(Stored data)
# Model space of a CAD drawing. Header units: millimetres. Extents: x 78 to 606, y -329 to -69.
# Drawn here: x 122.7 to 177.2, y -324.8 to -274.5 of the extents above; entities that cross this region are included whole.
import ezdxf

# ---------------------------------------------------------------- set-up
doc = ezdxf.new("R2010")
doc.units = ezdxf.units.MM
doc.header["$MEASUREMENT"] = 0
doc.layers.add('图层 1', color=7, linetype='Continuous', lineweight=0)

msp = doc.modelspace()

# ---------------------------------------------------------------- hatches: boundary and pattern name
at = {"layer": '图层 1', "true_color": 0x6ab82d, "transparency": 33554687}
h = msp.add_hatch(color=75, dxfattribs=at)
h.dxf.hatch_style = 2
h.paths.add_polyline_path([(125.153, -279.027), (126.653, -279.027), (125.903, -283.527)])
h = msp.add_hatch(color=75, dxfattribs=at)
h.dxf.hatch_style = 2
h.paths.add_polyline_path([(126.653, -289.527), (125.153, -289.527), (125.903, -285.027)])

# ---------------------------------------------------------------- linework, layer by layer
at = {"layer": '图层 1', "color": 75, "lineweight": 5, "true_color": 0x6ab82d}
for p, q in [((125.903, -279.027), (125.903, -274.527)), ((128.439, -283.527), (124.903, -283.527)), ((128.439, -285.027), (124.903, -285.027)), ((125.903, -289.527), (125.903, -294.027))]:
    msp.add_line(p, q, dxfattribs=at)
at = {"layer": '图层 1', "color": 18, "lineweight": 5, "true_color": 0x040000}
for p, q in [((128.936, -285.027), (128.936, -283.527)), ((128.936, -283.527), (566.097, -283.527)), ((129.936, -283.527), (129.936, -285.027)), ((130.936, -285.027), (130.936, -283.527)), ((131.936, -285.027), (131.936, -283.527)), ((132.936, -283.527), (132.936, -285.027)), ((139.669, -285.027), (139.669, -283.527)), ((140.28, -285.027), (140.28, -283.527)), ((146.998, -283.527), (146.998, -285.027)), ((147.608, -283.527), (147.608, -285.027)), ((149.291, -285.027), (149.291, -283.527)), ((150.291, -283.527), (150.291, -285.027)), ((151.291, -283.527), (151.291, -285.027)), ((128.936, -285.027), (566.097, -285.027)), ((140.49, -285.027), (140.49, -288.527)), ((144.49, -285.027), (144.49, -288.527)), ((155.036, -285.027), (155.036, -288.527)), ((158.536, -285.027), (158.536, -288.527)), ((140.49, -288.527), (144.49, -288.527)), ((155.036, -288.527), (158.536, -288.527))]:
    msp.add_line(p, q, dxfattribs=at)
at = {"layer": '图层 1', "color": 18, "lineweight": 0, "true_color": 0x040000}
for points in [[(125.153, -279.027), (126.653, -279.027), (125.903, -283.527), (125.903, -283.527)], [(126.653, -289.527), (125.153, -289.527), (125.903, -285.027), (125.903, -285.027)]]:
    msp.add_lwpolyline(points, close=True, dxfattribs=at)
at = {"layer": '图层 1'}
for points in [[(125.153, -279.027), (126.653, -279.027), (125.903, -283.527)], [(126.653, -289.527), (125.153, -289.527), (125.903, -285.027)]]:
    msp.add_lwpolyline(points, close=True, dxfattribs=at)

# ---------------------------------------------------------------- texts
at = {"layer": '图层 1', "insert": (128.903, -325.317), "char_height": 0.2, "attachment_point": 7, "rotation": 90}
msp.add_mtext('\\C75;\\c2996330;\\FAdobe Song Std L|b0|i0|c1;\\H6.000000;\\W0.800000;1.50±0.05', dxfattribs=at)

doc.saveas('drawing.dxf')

#### ACTIVITY:
Your answer should be all lines from the data that contain "ezdxf".

#### FINAL ANSWER:
import ezdxf
doc = ezdxf.new("R2010")
doc.units = ezdxf.units.MM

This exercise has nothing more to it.